The challenges of the phosphoramidite method are to be optimized so that less solvent is used and more extended strand synthesis is possible. This could be done with a programmable microfluidic synthesis platform containing integrated valves, allowing individual manipulation and product removal 8. However, moving to enzymatic synthesis would make these problems disappear into thin air. Unfortunately, with enzymatic synthesis, other challenges appear.
The aim is to create as many transitions as possible so that only a few identical nucleotides are incorporated one after the other to increase the data storage capacity. For this purpose, standardized reaction conditions must be found since the nucleotides are incorporated differently by the TdT. For example, the nucleotide deoxythymidine triphosphate is incorporated faster than deoxyguanosine triphosphate in a standard TdT reaction, see Results. In addition, reaction conditions should be chosen such that DNA strand synthesis is reproducible and all strands receive the same nucleotide sequence. Furthermore, a system could be developed that synthesizes many different DNA strands on one surface to save time and costs.

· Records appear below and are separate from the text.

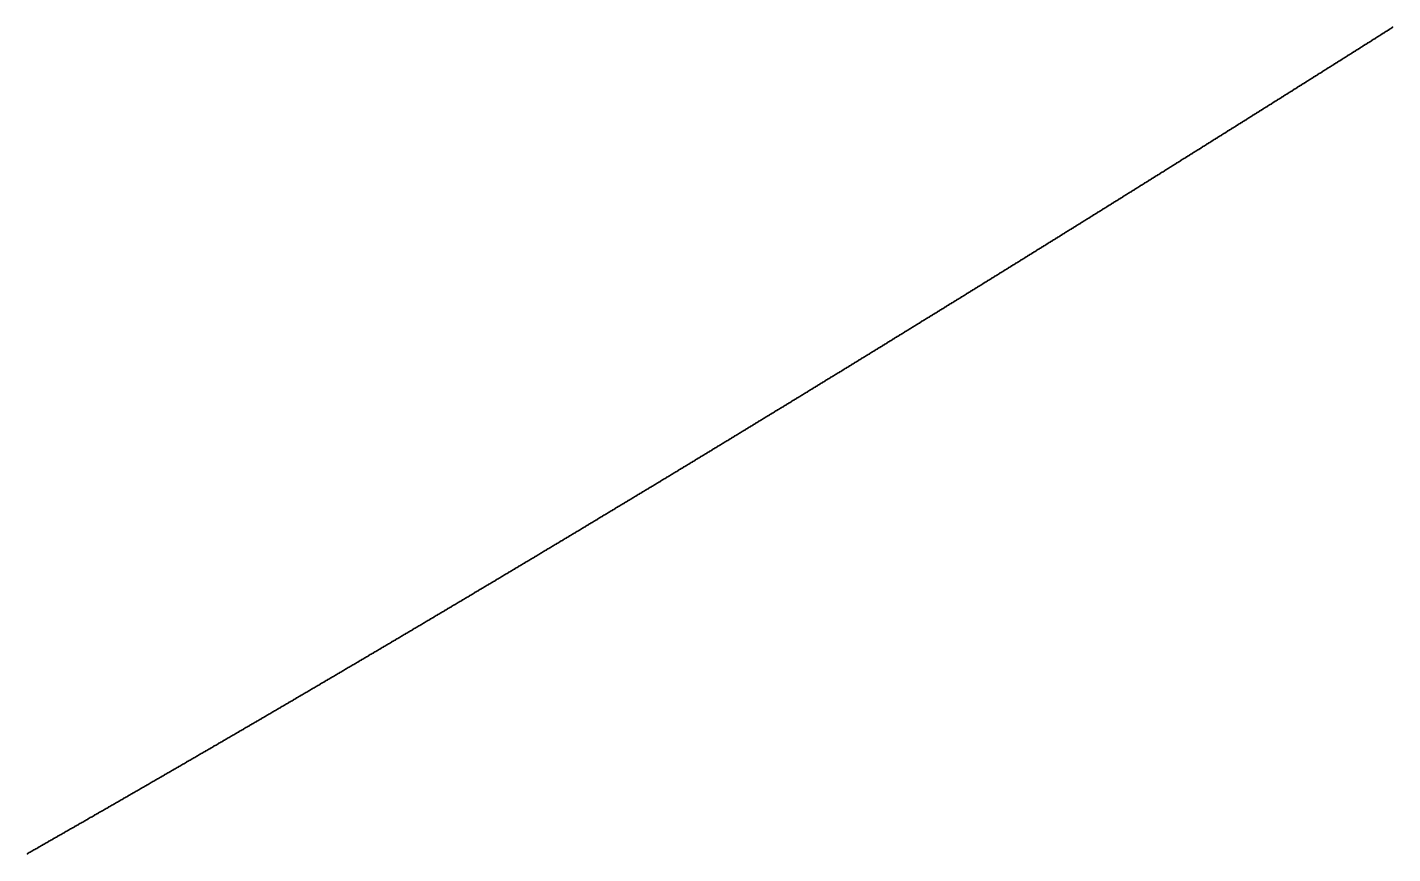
# Model space of a CAD drawing. Header units: metres. Extents: x 0 to 360, y 0 to 49.
# Drawn here: x 67.51 to 78.75, y 17.21 to 24.01 of the extents above; entities that cross this region are included whole.
import ezdxf

# ---------------------------------------------------------------- set-up
doc = ezdxf.new("R2010")
doc.units = ezdxf.units.M

msp = doc.modelspace()

# ---------------------------------------------------------------- linework, layer by layer
for p in [(78.656, 23.946), (78.663, 23.951), (78.67, 23.955), (78.677, 23.96), (78.684, 23.964), (78.691, 23.969), (78.698, 23.973), (78.705, 23.978), (78.712, 23.982), (78.719, 23.986), (78.726, 23.991), (78.733, 23.995), (78.74, 24), (78.747, 24.004), (78.754, 24.009), (78.473, 23.831), (78.48, 23.835), (78.487, 23.84), (78.494, 23.844), (78.501, 23.849), (78.508, 23.853), (78.515, 23.858), (78.522, 23.862), (78.529, 23.867), (78.536, 23.871), (78.543, 23.875), (78.55, 23.88), (78.557, 23.884), (78.565, 23.889), (78.572, 23.893), (78.579, 23.898), (78.586, 23.902), (78.593, 23.907), (78.6, 23.911), (78.607, 23.915), (78.614, 23.92), (78.621, 23.924), (78.628, 23.929), (78.635, 23.933), (78.642, 23.938), (78.649, 23.942), (78.297, 23.72), (78.304, 23.724), (78.311, 23.729), (78.318, 23.733), (78.325, 23.738), (78.332, 23.742), (78.339, 23.747), (78.346, 23.751), (78.353, 23.755), (78.36, 23.76), (78.367, 23.764), (78.374, 23.769), (78.381, 23.773), (78.389, 23.778), (78.396, 23.782), (78.403, 23.787), (78.41, 23.791), (78.417, 23.795), (78.424, 23.8), (78.431, 23.804), (78.438, 23.809), (78.445, 23.813), (78.452, 23.818), (78.459, 23.822), (78.466, 23.827), (78.12, 23.609), (78.128, 23.613), (78.135, 23.618), (78.142, 23.622), (78.149, 23.627), (78.156, 23.631), (78.163, 23.635), (78.17, 23.64), (78.177, 23.644), (78.184, 23.649), (78.191, 23.653), (78.198, 23.658), (78.205, 23.662), (78.212, 23.667), (78.219, 23.671), (78.226, 23.675), (78.233, 23.68), (78.24, 23.684), (78.248, 23.689), (78.255, 23.693), (78.262, 23.698), (78.269, 23.702), (78.276, 23.707), (78.283, 23.711), (78.29, 23.715), (77.944, 23.498), (77.951, 23.502), (77.958, 23.506), (77.965, 23.511), (77.972, 23.515), (77.979, 23.52), (77.986, 23.524), (77.993, 23.529), (78, 23.533), (78.007, 23.538), (78.015, 23.542), (78.022, 23.547), (78.029, 23.551), (78.036, 23.555), (78.043, 23.56), (78.05, 23.564), (78.057, 23.569), (78.064, 23.573), (78.071, 23.578), (78.078, 23.582), (78.085, 23.587), (78.092, 23.591), (78.099, 23.595), (78.106, 23.6), (78.113, 23.604), (77.76, 23.382), (77.767, 23.386), (77.774, 23.391), (77.781, 23.395), (77.788, 23.4), (77.795, 23.404), (77.802, 23.409), (77.809, 23.413), (77.817, 23.417), (77.824, 23.422), (77.831, 23.426), (77.838, 23.431), (77.845, 23.435), (77.852, 23.44), (77.859, 23.444), (77.866, 23.449), (77.873, 23.453), (77.88, 23.458), (77.887, 23.462), (77.894, 23.466), (77.901, 23.471), (77.908, 23.475), (77.916, 23.48), (77.923, 23.484), (77.93, 23.489), (77.937, 23.493), (77.583, 23.271), (77.59, 23.275), (77.597, 23.279), (77.604, 23.284), (77.611, 23.288), (77.618, 23.293), (77.625, 23.297), (77.632, 23.302), (77.639, 23.306), (77.647, 23.311), (77.654, 23.315), (77.661, 23.32), (77.668, 23.324), (77.675, 23.328), (77.682, 23.333), (77.689, 23.337), (77.696, 23.342), (77.703, 23.346), (77.71, 23.351), (77.717, 23.355), (77.724, 23.36), (77.732, 23.364), (77.739, 23.369), (77.746, 23.373), (77.753, 23.377), (77.405, 23.159), (77.412, 23.164), (77.42, 23.168), (77.427, 23.173), (77.434, 23.177), (77.441, 23.182), (77.448, 23.186), (77.455, 23.19), (77.462, 23.195), (77.469, 23.199), (77.476, 23.204), (77.483, 23.208), (77.49, 23.213), (77.498, 23.217), (77.505, 23.222), (77.512, 23.226), (77.519, 23.231), (77.526, 23.235), (77.533, 23.239), (77.54, 23.244), (77.547, 23.248), (77.554, 23.253), (77.561, 23.257), (77.569, 23.262), (77.576, 23.266), (77.228, 23.048), (77.235, 23.052), (77.242, 23.057), (77.249, 23.061), (77.256, 23.066), (77.263, 23.07), (77.27, 23.075), (77.277, 23.079), (77.285, 23.084), (77.292, 23.088), (77.299, 23.092), (77.306, 23.097), (77.313, 23.101), (77.32, 23.106), (77.327, 23.11), (77.334, 23.115), (77.341, 23.119), (77.348, 23.124), (77.356, 23.128), (77.363, 23.133), (77.37, 23.137), (77.377, 23.141), (77.384, 23.146), (77.391, 23.15), (77.398, 23.155), (77.043, 22.932), (77.05, 22.936), (77.057, 22.941), (77.064, 22.945), (77.071, 22.95), (77.078, 22.954), (77.085, 22.959), (77.092, 22.963), (77.1, 22.968), (77.107, 22.972), (77.114, 22.977), (77.121, 22.981), (77.128, 22.985), (77.135, 22.99), (77.142, 22.994), (77.149, 22.999), (77.157, 23.003), (77.164, 23.008), (77.171, 23.012), (77.178, 23.017), (77.185, 23.021), (77.192, 23.026), (77.199, 23.03), (77.206, 23.034), (77.213, 23.039), (77.221, 23.043), (76.864, 22.82), (76.872, 22.825), (76.879, 22.829), (76.886, 22.834), (76.893, 22.838), (76.9, 22.843), (76.907, 22.847), (76.914, 22.852), (76.921, 22.856), (76.929, 22.861), (76.936, 22.865), (76.943, 22.87), (76.95, 22.874), (76.957, 22.878), (76.964, 22.883), (76.971, 22.887), (76.978, 22.892), (76.986, 22.896), (76.993, 22.901), (77, 22.905), (77.007, 22.91), (77.014, 22.914), (77.021, 22.919), (77.028, 22.923), (77.035, 22.928), (76.686, 22.709), (76.693, 22.713), (76.7, 22.718), (76.707, 22.722), (76.715, 22.727), (76.722, 22.731), (76.729, 22.736), (76.736, 22.74), (76.743, 22.745), (76.75, 22.749), (76.757, 22.754), (76.765, 22.758), (76.772, 22.763), (76.779, 22.767), (76.786, 22.771), (76.793, 22.776), (76.8, 22.78), (76.807, 22.785), (76.814, 22.789), (76.822, 22.794), (76.829, 22.798), (76.836, 22.803), (76.843, 22.807), (76.85, 22.812), (76.857, 22.816), (76.507, 22.597), (76.514, 22.602), (76.522, 22.606), (76.529, 22.611), (76.536, 22.615), (76.543, 22.62), (76.55, 22.624), (76.557, 22.629), (76.564, 22.633), (76.572, 22.638), (76.579, 22.642), (76.586, 22.647), (76.593, 22.651), (76.6, 22.655), (76.607, 22.66), (76.615, 22.664), (76.622, 22.669), (76.629, 22.673), (76.636, 22.678), (76.643, 22.682), (76.65, 22.687), (76.657, 22.691), (76.665, 22.696), (76.672, 22.7), (76.679, 22.705), (76.328, 22.486), (76.335, 22.49), (76.343, 22.495), (76.35, 22.499), (76.357, 22.504), (76.364, 22.508), (76.371, 22.513), (76.378, 22.517), (76.386, 22.522), (76.393, 22.526), (76.4, 22.53), (76.407, 22.535), (76.414, 22.539), (76.421, 22.544), (76.429, 22.548), (76.436, 22.553), (76.443, 22.557), (76.45, 22.562), (76.457, 22.566), (76.464, 22.571), (76.471, 22.575), (76.479, 22.58), (76.486, 22.584), (76.493, 22.589), (76.5, 22.593), (76.142, 22.37), (76.149, 22.374), (76.156, 22.379), (76.163, 22.383), (76.171, 22.388), (76.178, 22.392), (76.185, 22.397), (76.192, 22.401), (76.199, 22.405), (76.206, 22.41), (76.214, 22.414), (76.221, 22.419), (76.228, 22.423), (76.235, 22.428), (76.242, 22.432), (76.249, 22.437), (76.257, 22.441), (76.264, 22.446), (76.271, 22.45), (76.278, 22.455), (76.285, 22.459), (76.292, 22.464), (76.3, 22.468), (76.307, 22.472), (76.314, 22.477), (76.321, 22.481), (75.962, 22.258), (75.97, 22.263), (75.977, 22.267), (75.984, 22.272), (75.991, 22.276), (75.998, 22.28), (76.005, 22.285), (76.013, 22.289), (76.02, 22.294), (76.027, 22.298), (76.034, 22.303), (76.041, 22.307), (76.049, 22.312), (76.056, 22.316), (76.063, 22.321), (76.07, 22.325), (76.077, 22.33), (76.084, 22.334), (76.092, 22.338), (76.099, 22.343), (76.106, 22.347), (76.113, 22.352), (76.12, 22.356), (76.127, 22.361), (76.135, 22.365), (75.783, 22.146), (75.79, 22.151), (75.797, 22.155), (75.804, 22.16), (75.811, 22.164), (75.819, 22.169), (75.826, 22.173), (75.833, 22.178), (75.84, 22.182), (75.847, 22.187), (75.854, 22.191), (75.862, 22.196), (75.869, 22.2), (75.876, 22.205), (75.883, 22.209), (75.89, 22.213), (75.898, 22.218), (75.905, 22.222), (75.912, 22.227), (75.919, 22.231), (75.926, 22.236), (75.934, 22.24), (75.941, 22.245), (75.948, 22.249), (75.955, 22.254), (75.602, 22.035), (75.61, 22.039), (75.617, 22.044), (75.624, 22.048), (75.631, 22.053), (75.638, 22.057), (75.646, 22.062), (75.653, 22.066), (75.66, 22.07), (75.667, 22.075), (75.675, 22.079), (75.682, 22.084), (75.689, 22.088), (75.696, 22.093), (75.703, 22.097), (75.711, 22.102), (75.718, 22.106), (75.725, 22.111), (75.732, 22.115), (75.739, 22.12), (75.747, 22.124), (75.754, 22.129), (75.761, 22.133), (75.768, 22.137), (75.775, 22.142), (75.422, 21.923), (75.429, 21.927), (75.437, 21.932), (75.444, 21.936), (75.451, 21.941), (75.458, 21.945), (75.465, 21.95), (75.473, 21.954), (75.48, 21.959), (75.487, 21.963), (75.494, 21.968), (75.502, 21.972), (75.509, 21.977), (75.516, 21.981), (75.523, 21.986), (75.53, 21.99), (75.538, 21.995), (75.545, 21.999), (75.552, 22.003), (75.559, 22.008), (75.566, 22.012), (75.574, 22.017), (75.581, 22.021), (75.588, 22.026), (75.595, 22.03), (75.242, 21.811), (75.249, 21.816), (75.256, 21.82), (75.263, 21.825), (75.27, 21.829), (75.278, 21.834), (75.285, 21.838), (75.292, 21.843), (75.299, 21.847), (75.307, 21.851), (75.314, 21.856), (75.321, 21.86), (75.328, 21.865), (75.335, 21.869), (75.343, 21.874), (75.35, 21.878), (75.357, 21.883), (75.364, 21.887), (75.372, 21.892), (75.379, 21.896), (75.386, 21.901), (75.393, 21.905), (75.4, 21.91), (75.408, 21.914), (75.415, 21.919), (75.053, 21.695), (75.061, 21.699), (75.068, 21.704), (75.075, 21.708), (75.082, 21.713), (75.09, 21.717), (75.097, 21.722), (75.104, 21.726), (75.111, 21.731), (75.119, 21.735), (75.126, 21.74), (75.133, 21.744), (75.14, 21.749), (75.147, 21.753), (75.155, 21.758), (75.162, 21.762), (75.169, 21.767), (75.176, 21.771), (75.184, 21.775), (75.191, 21.78), (75.198, 21.784), (75.205, 21.789), (75.213, 21.793), (75.22, 21.798), (75.227, 21.802), (75.234, 21.807), (74.872, 21.583), (74.879, 21.588), (74.887, 21.592), (74.894, 21.597), (74.901, 21.601), (74.908, 21.606), (74.916, 21.61), (74.923, 21.615), (74.93, 21.619), (74.937, 21.623), (74.945, 21.628), (74.952, 21.632), (74.959, 21.637), (74.966, 21.641), (74.974, 21.646), (74.981, 21.65), (74.988, 21.655), (74.995, 21.659), (75.003, 21.664), (75.01, 21.668), (75.017, 21.673), (75.024, 21.677), (75.032, 21.682), (75.039, 21.686), (75.046, 21.691), (74.691, 21.471), (74.698, 21.476), (74.705, 21.48), (74.713, 21.485), (74.72, 21.489), (74.727, 21.494), (74.734, 21.498), (74.742, 21.503), (74.749, 21.507), (74.756, 21.512), (74.763, 21.516), (74.771, 21.521), (74.778, 21.525), (74.785, 21.53), (74.792, 21.534), (74.8, 21.539), (74.807, 21.543), (74.814, 21.547), (74.821, 21.552), (74.829, 21.556), (74.836, 21.561), (74.843, 21.565), (74.85, 21.57), (74.858, 21.574), (74.865, 21.579), (74.509, 21.36), (74.516, 21.364), (74.524, 21.369), (74.531, 21.373), (74.538, 21.378), (74.545, 21.382), (74.553, 21.386), (74.56, 21.391), (74.567, 21.395), (74.574, 21.4), (74.582, 21.404), (74.589, 21.409), (74.596, 21.413), (74.604, 21.418), (74.611, 21.422), (74.618, 21.427), (74.625, 21.431), (74.633, 21.436), (74.64, 21.44), (74.647, 21.445), (74.654, 21.449), (74.662, 21.454), (74.669, 21.458), (74.676, 21.462), (74.683, 21.467), (74.327, 21.248), (74.334, 21.252), (74.342, 21.257), (74.349, 21.261), (74.356, 21.266), (74.363, 21.27), (74.371, 21.275), (74.378, 21.279), (74.385, 21.284), (74.393, 21.288), (74.4, 21.293), (74.407, 21.297), (74.414, 21.301), (74.422, 21.306), (74.429, 21.31), (74.436, 21.315), (74.443, 21.319), (74.451, 21.324), (74.458, 21.328), (74.465, 21.333), (74.473, 21.337), (74.48, 21.342), (74.487, 21.346), (74.494, 21.351), (74.502, 21.355), (74.145, 21.136), (74.152, 21.14), (74.159, 21.145), (74.167, 21.149), (74.174, 21.154), (74.181, 21.158), (74.188, 21.163), (74.196, 21.167), (74.203, 21.172), (74.21, 21.176), (74.218, 21.181), (74.225, 21.185), (74.232, 21.19), (74.239, 21.194), (74.247, 21.199), (74.254, 21.203), (74.261, 21.208), (74.269, 21.212), (74.276, 21.217), (74.283, 21.221), (74.291, 21.225), (74.298, 21.23), (74.305, 21.234), (74.312, 21.239), (74.32, 21.243), (73.962, 21.024), (73.969, 21.029), (73.977, 21.033), (73.984, 21.038), (73.991, 21.042), (73.999, 21.047), (74.006, 21.051), (74.013, 21.055), (74.02, 21.06), (74.028, 21.064), (74.035, 21.069), (74.042, 21.073), (74.05, 21.078), (74.057, 21.082), (74.064, 21.087), (74.072, 21.091), (74.079, 21.096), (74.086, 21.1), (74.094, 21.105), (74.101, 21.109), (74.108, 21.114), (74.115, 21.118), (74.123, 21.123), (74.13, 21.127), (74.137, 21.132), (73.772, 20.908), (73.779, 20.912), (73.786, 20.917), (73.794, 20.921), (73.801, 20.926), (73.808, 20.93), (73.816, 20.935), (73.823, 20.939), (73.83, 20.944), (73.838, 20.948), (73.845, 20.953), (73.852, 20.957), (73.86, 20.962), (73.867, 20.966), (73.874, 20.97), (73.882, 20.975), (73.889, 20.979), (73.896, 20.984), (73.904, 20.988), (73.911, 20.993), (73.918, 20.997), (73.925, 21.002), (73.933, 21.006), (73.94, 21.011), (73.947, 21.015), (73.955, 21.02), (73.589, 20.796), (73.596, 20.801), (73.603, 20.805), (73.611, 20.809), (73.618, 20.814), (73.625, 20.818), (73.633, 20.823), (73.64, 20.827), (73.647, 20.832), (73.655, 20.836), (73.662, 20.841), (73.669, 20.845), (73.677, 20.85), (73.684, 20.854), (73.691, 20.859), (73.699, 20.863), (73.706, 20.868), (73.713, 20.872), (73.721, 20.877), (73.728, 20.881), (73.735, 20.885), (73.743, 20.89), (73.75, 20.894), (73.757, 20.899), (73.764, 20.903), (73.405, 20.684), (73.412, 20.689), (73.42, 20.693), (73.427, 20.698), (73.434, 20.702), (73.442, 20.707), (73.449, 20.711), (73.457, 20.716), (73.464, 20.72), (73.471, 20.724), (73.479, 20.729), (73.486, 20.733), (73.493, 20.738), (73.501, 20.742), (73.508, 20.747), (73.515, 20.751), (73.523, 20.756), (73.53, 20.76), (73.537, 20.765), (73.545, 20.769), (73.552, 20.774), (73.559, 20.778), (73.567, 20.783), (73.574, 20.787), (73.581, 20.792), (73.221, 20.572), (73.229, 20.577), (73.236, 20.581), (73.243, 20.586), (73.251, 20.59), (73.258, 20.595), (73.265, 20.599), (73.273, 20.604), (73.28, 20.608), (73.288, 20.613), (73.295, 20.617), (73.302, 20.622), (73.31, 20.626), (73.317, 20.631), (73.324, 20.635), (73.332, 20.639), (73.339, 20.644), (73.346, 20.648), (73.354, 20.653), (73.361, 20.657), (73.368, 20.662), (73.376, 20.666), (73.383, 20.671), (73.39, 20.675), (73.398, 20.68), (73.037, 20.461), (73.045, 20.465), (73.052, 20.469), (73.059, 20.474), (73.067, 20.478), (73.074, 20.483), (73.081, 20.487), (73.089, 20.492), (73.096, 20.496), (73.104, 20.501), (73.111, 20.505), (73.118, 20.51), (73.126, 20.514), (73.133, 20.519), (73.14, 20.523), (73.148, 20.528), (73.155, 20.532), (73.162, 20.537), (73.17, 20.541), (73.177, 20.546), (73.185, 20.55), (73.192, 20.554), (73.199, 20.559), (73.207, 20.563), (73.214, 20.568), (72.853, 20.349), (72.86, 20.353), (72.868, 20.358), (72.875, 20.362), (72.882, 20.367), (72.89, 20.371), (72.897, 20.376), (72.904, 20.38), (72.912, 20.385), (72.919, 20.389), (72.927, 20.393), (72.934, 20.398), (72.941, 20.402), (72.949, 20.407), (72.956, 20.411), (72.964, 20.416), (72.971, 20.42), (72.978, 20.425), (72.986, 20.429), (72.993, 20.434), (73, 20.438), (73.008, 20.443), (73.015, 20.447), (73.022, 20.452), (73.03, 20.456), (72.668, 20.237), (72.676, 20.241), (72.683, 20.246), (72.69, 20.25), (72.698, 20.255), (72.705, 20.259), (72.712, 20.264), (72.72, 20.268), (72.727, 20.273), (72.735, 20.277), (72.742, 20.282), (72.749, 20.286), (72.757, 20.291), (72.764, 20.295), (72.772, 20.3), (72.779, 20.304), (72.786, 20.308), (72.794, 20.313), (72.801, 20.317), (72.809, 20.322), (72.816, 20.326), (72.823, 20.331), (72.831, 20.335), (72.838, 20.34), (72.845, 20.344), (72.483, 20.125), (72.491, 20.13), (72.498, 20.134), (72.505, 20.139), (72.513, 20.143), (72.52, 20.148), (72.528, 20.152), (72.535, 20.156), (72.542, 20.161), (72.55, 20.165), (72.557, 20.17), (72.565, 20.174), (72.572, 20.179), (72.579, 20.183), (72.587, 20.188), (72.594, 20.192), (72.602, 20.197), (72.609, 20.201), (72.616, 20.206), (72.624, 20.21), (72.631, 20.215), (72.639, 20.219), (72.646, 20.224), (72.653, 20.228), (72.661, 20.232), (72.29, 20.009), (72.298, 20.013), (72.305, 20.018), (72.313, 20.022), (72.32, 20.027), (72.328, 20.031), (72.335, 20.036), (72.342, 20.04), (72.35, 20.045), (72.357, 20.049), (72.365, 20.054), (72.372, 20.058), (72.379, 20.063), (72.387, 20.067), (72.394, 20.072), (72.402, 20.076), (72.409, 20.08), (72.416, 20.085), (72.424, 20.089), (72.431, 20.094), (72.439, 20.098), (72.446, 20.103), (72.454, 20.107), (72.461, 20.112), (72.468, 20.116), (72.476, 20.121), (72.105, 19.897), (72.112, 19.902), (72.12, 19.906), (72.127, 19.911), (72.135, 19.915), (72.142, 19.92), (72.149, 19.924), (72.157, 19.928), (72.164, 19.933), (72.172, 19.937), (72.179, 19.942), (72.187, 19.946), (72.194, 19.951), (72.201, 19.955), (72.209, 19.96), (72.216, 19.964), (72.224, 19.969), (72.231, 19.973), (72.238, 19.978), (72.246, 19.982), (72.253, 19.987), (72.261, 19.991), (72.268, 19.996), (72.276, 20), (72.283, 20.004), (71.919, 19.785), (71.926, 19.79), (71.934, 19.794), (71.941, 19.799), (71.949, 19.803), (71.956, 19.808), (71.964, 19.812), (71.971, 19.817), (71.978, 19.821), (71.986, 19.826), (71.993, 19.83), (72.001, 19.835), (72.008, 19.839), (72.016, 19.844), (72.023, 19.848), (72.03, 19.852), (72.038, 19.857), (72.045, 19.861), (72.053, 19.866), (72.06, 19.87), (72.068, 19.875), (72.075, 19.879), (72.083, 19.884), (72.09, 19.888), (72.097, 19.893), (71.733, 19.674), (71.74, 19.678), (71.748, 19.683), (71.755, 19.687), (71.762, 19.692), (71.77, 19.696), (71.777, 19.701), (71.785, 19.705), (71.792, 19.709), (71.8, 19.714), (71.807, 19.718), (71.815, 19.723), (71.822, 19.727), (71.83, 19.732), (71.837, 19.736), (71.844, 19.741), (71.852, 19.745), (71.859, 19.75), (71.867, 19.754), (71.874, 19.759), (71.882, 19.763), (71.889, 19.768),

To facilitate the work in the laboratory, our hardware should be implemented in the laboratory in the future. Additionally, a dedicated nanopore sequencer to analyze the DNA strands directly after synthesis would be beneficial in the lab. Looking ahead, a specific synthesis in which a certain number of nucleotides or even only one nucleotide is appended would be more advantageous in the future, as this would allow a much more precise procedure. In addition, the costs of enzymatic DNA synthesis will be lowered as reaction times are reduced, and the number of nucleotides used decreases.